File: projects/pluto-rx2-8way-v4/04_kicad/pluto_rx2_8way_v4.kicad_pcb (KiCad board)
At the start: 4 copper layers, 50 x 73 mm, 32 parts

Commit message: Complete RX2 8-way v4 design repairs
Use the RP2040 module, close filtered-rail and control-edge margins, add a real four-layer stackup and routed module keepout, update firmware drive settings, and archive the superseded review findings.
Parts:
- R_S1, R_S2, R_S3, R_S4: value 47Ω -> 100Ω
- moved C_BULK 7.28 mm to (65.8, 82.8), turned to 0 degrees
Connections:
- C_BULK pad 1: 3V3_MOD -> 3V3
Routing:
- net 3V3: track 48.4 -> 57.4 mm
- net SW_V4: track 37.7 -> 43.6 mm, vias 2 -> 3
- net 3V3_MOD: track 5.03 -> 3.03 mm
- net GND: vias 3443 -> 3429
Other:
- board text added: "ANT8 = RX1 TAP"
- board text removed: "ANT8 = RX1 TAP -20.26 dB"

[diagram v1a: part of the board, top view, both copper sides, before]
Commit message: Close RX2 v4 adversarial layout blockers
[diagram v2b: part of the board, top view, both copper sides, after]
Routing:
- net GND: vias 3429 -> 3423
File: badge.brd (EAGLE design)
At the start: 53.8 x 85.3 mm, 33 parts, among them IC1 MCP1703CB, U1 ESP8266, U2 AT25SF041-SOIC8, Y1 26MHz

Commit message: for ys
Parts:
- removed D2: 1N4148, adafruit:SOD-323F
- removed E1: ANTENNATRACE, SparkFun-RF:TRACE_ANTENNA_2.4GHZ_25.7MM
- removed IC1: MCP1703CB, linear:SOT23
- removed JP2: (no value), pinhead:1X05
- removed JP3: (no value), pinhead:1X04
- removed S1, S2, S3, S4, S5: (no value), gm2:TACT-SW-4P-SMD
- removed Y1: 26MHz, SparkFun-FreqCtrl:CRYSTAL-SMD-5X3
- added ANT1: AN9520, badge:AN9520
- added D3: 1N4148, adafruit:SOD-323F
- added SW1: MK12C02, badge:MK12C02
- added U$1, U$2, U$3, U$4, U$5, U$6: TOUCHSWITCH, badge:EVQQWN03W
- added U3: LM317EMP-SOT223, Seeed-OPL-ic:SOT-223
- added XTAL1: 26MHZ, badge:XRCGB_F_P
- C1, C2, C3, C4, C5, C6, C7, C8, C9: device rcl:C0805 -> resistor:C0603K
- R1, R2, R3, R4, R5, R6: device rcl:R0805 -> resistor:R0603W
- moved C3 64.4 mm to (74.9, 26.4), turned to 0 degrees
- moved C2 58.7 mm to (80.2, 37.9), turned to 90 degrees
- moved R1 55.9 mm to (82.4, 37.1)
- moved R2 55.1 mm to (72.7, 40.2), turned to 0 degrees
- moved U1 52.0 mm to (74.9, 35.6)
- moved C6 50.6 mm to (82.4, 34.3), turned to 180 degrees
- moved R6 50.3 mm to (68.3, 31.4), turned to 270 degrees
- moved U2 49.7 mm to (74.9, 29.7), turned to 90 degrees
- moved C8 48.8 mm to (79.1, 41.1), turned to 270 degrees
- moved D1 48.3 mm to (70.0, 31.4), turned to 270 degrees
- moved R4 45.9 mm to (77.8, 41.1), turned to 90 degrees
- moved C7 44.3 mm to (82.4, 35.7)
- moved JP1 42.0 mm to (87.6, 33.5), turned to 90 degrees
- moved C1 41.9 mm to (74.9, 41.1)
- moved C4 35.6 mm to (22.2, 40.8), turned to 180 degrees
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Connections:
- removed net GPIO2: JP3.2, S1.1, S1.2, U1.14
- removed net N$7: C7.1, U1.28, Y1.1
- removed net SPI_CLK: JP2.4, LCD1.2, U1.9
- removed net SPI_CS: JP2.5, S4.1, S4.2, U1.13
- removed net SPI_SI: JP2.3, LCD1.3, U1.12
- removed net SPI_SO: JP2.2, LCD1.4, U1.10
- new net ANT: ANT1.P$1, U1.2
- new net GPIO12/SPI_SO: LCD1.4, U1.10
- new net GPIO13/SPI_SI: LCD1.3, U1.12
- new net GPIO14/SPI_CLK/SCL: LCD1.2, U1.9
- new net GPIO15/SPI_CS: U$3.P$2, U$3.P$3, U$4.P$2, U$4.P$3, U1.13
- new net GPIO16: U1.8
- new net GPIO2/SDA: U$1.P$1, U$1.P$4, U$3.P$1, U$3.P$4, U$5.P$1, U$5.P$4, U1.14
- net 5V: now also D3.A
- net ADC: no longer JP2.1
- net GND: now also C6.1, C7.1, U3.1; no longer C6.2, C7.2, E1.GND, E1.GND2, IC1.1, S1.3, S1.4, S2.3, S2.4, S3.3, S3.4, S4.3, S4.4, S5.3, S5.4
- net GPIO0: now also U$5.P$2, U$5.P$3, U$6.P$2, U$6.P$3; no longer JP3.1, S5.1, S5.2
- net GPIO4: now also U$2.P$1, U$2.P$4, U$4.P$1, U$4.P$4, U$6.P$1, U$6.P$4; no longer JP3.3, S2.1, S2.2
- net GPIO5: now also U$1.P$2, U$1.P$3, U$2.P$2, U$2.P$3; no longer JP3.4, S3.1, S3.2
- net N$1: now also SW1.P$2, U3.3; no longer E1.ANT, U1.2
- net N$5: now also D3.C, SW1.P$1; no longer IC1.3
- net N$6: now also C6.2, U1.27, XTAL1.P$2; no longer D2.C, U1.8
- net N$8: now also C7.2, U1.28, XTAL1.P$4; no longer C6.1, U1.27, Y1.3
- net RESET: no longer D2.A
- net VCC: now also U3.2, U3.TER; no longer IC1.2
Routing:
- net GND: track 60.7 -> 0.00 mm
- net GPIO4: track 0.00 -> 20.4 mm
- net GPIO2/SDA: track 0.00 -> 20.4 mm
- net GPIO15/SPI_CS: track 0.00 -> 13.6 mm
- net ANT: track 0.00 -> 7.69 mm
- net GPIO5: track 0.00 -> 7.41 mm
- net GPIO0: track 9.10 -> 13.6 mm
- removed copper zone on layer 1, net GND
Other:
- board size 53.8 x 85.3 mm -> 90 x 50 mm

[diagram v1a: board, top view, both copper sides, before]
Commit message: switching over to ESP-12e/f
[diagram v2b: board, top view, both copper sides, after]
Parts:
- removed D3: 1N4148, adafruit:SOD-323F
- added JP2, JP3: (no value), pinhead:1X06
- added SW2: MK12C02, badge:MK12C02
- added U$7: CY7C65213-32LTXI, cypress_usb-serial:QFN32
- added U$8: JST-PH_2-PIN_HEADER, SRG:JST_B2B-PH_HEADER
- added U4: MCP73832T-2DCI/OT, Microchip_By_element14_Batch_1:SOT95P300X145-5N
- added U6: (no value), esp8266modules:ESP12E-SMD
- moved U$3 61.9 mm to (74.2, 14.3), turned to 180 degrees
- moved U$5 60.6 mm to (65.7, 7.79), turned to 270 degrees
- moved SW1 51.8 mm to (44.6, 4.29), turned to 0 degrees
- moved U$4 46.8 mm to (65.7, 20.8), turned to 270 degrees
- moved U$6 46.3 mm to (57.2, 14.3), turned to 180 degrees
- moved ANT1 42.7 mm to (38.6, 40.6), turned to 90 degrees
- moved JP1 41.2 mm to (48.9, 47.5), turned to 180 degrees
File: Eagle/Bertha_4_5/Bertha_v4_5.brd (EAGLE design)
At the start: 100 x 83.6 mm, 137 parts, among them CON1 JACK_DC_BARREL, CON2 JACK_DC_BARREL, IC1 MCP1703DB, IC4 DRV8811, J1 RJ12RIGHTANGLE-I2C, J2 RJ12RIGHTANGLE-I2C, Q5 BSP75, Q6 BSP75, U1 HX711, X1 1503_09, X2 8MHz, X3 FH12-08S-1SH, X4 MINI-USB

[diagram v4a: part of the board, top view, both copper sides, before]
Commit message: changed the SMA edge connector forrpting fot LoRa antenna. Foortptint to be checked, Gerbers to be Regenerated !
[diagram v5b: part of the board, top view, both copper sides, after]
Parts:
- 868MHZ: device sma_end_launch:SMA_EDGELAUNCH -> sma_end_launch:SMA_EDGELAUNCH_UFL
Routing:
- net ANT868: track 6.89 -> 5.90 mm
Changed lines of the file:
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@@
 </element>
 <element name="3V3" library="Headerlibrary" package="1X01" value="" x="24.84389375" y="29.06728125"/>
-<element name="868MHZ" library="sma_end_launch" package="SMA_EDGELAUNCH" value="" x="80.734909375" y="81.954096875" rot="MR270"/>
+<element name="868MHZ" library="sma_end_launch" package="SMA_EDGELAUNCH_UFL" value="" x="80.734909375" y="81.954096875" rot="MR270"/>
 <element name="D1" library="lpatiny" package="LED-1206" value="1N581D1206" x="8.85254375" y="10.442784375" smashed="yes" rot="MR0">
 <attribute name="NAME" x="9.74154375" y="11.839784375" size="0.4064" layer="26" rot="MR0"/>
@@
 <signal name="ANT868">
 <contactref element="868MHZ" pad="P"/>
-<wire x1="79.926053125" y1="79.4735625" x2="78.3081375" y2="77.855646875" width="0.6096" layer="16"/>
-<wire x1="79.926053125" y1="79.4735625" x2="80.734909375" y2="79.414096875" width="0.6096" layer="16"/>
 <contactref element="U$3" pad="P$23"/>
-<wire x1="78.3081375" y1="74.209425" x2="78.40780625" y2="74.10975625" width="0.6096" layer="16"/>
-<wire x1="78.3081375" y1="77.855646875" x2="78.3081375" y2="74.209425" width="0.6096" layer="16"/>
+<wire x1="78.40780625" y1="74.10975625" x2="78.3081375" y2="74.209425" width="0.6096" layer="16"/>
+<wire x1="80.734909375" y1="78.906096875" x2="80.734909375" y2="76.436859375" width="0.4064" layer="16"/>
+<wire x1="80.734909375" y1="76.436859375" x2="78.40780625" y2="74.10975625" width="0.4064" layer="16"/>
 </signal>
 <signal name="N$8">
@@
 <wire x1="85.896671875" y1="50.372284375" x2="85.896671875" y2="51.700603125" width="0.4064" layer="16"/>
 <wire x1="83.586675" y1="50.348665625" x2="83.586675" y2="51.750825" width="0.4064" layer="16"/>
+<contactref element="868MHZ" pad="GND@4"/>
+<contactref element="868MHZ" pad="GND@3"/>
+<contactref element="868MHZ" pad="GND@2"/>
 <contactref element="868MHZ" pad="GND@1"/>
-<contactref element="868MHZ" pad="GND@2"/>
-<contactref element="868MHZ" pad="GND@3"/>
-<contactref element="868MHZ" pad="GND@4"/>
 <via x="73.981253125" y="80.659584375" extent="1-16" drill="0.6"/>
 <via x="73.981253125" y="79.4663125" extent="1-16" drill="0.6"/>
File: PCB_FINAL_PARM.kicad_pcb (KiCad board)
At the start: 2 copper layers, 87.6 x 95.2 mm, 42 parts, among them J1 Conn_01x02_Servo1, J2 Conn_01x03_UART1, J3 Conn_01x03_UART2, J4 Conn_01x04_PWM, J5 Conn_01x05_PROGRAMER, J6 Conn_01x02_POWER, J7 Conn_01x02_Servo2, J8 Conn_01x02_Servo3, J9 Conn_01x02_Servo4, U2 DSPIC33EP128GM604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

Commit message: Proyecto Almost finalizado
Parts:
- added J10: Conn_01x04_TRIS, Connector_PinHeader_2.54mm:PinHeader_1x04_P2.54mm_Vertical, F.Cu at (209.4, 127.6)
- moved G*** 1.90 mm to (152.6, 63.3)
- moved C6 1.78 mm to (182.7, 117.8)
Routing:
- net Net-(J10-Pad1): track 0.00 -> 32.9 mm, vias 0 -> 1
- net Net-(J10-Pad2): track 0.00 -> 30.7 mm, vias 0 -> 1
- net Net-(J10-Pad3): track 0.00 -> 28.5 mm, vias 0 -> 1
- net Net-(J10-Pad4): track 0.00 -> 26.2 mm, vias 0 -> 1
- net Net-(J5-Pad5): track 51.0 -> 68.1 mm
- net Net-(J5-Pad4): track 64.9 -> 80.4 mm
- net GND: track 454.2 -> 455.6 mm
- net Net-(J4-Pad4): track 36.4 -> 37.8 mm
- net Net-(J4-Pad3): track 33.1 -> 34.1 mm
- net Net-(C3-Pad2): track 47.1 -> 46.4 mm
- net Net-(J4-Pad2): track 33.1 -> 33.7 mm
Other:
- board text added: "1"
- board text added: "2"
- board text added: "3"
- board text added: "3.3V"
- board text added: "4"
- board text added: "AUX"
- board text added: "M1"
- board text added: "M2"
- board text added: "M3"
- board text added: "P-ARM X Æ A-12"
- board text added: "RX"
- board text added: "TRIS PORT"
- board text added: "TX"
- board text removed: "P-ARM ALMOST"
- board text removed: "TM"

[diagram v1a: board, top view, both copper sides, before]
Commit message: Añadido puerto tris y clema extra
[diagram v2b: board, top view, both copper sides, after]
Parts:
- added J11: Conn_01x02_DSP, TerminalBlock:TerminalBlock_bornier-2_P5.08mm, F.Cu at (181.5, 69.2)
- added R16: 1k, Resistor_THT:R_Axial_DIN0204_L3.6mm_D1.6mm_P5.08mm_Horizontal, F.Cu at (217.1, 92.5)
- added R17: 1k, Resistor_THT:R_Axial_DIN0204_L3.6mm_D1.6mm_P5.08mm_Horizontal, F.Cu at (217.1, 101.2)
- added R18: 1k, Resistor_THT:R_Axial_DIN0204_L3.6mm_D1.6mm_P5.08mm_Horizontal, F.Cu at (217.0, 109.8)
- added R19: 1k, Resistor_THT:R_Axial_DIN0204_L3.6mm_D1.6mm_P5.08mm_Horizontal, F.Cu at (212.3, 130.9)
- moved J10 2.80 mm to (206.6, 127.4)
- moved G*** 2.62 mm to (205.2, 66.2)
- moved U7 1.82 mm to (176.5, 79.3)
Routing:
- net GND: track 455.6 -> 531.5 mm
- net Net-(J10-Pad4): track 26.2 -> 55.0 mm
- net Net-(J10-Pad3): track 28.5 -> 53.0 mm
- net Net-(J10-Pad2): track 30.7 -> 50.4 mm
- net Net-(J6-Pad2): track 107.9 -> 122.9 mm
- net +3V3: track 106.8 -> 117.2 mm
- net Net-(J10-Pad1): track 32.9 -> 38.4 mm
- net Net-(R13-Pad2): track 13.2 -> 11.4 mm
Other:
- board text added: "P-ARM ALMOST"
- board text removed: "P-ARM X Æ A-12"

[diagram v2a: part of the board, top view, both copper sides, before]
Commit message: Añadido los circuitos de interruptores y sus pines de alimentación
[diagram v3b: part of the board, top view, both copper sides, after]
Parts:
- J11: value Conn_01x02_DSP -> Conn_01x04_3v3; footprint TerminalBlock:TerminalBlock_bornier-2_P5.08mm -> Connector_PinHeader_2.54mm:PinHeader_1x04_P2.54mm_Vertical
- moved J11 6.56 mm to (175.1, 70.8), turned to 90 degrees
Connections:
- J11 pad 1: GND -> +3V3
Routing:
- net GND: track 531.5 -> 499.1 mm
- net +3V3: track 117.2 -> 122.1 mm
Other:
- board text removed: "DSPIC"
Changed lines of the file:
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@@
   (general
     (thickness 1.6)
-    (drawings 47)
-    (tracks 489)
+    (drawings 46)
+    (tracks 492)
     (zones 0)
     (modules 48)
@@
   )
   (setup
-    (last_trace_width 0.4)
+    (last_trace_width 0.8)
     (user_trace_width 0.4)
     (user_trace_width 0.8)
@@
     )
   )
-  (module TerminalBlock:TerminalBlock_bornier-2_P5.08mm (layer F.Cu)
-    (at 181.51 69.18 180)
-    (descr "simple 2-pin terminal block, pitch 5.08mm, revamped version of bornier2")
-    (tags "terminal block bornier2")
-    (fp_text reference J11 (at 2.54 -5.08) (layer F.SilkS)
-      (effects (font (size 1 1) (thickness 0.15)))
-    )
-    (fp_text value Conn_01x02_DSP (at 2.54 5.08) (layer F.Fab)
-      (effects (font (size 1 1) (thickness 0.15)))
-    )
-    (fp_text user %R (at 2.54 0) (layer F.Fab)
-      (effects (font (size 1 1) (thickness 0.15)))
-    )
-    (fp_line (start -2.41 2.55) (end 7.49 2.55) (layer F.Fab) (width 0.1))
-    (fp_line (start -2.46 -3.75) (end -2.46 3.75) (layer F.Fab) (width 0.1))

++++++++++++++++++++

TASK TO COMPLETE. Copy only this part of the entries above: the line with "- new net GPIO13/SPI_SI: LCD1.3, U1.12", the line with "- net ADC: no longer JP2.1", and the lines between, all exactly as written.

ANSWER BOX.
- new net GPIO13/SPI_SI: LCD1.3, U1.12
- new net GPIO14/SPI_CLK/SCL: LCD1.2, U1.9
- new net GPIO15/SPI_CS: U$3.P$2, U$3.P$3, U$4.P$2, U$4.P$3, U1.13
- new net GPIO16: U1.8
- new net GPIO2/SDA: U$1.P$1, U$1.P$4, U$3.P$1, U$3.P$4, U$5.P$1, U$5.P$4, U1.14
- net 5V: now also D3.A
- net ADC: no longer JP2.1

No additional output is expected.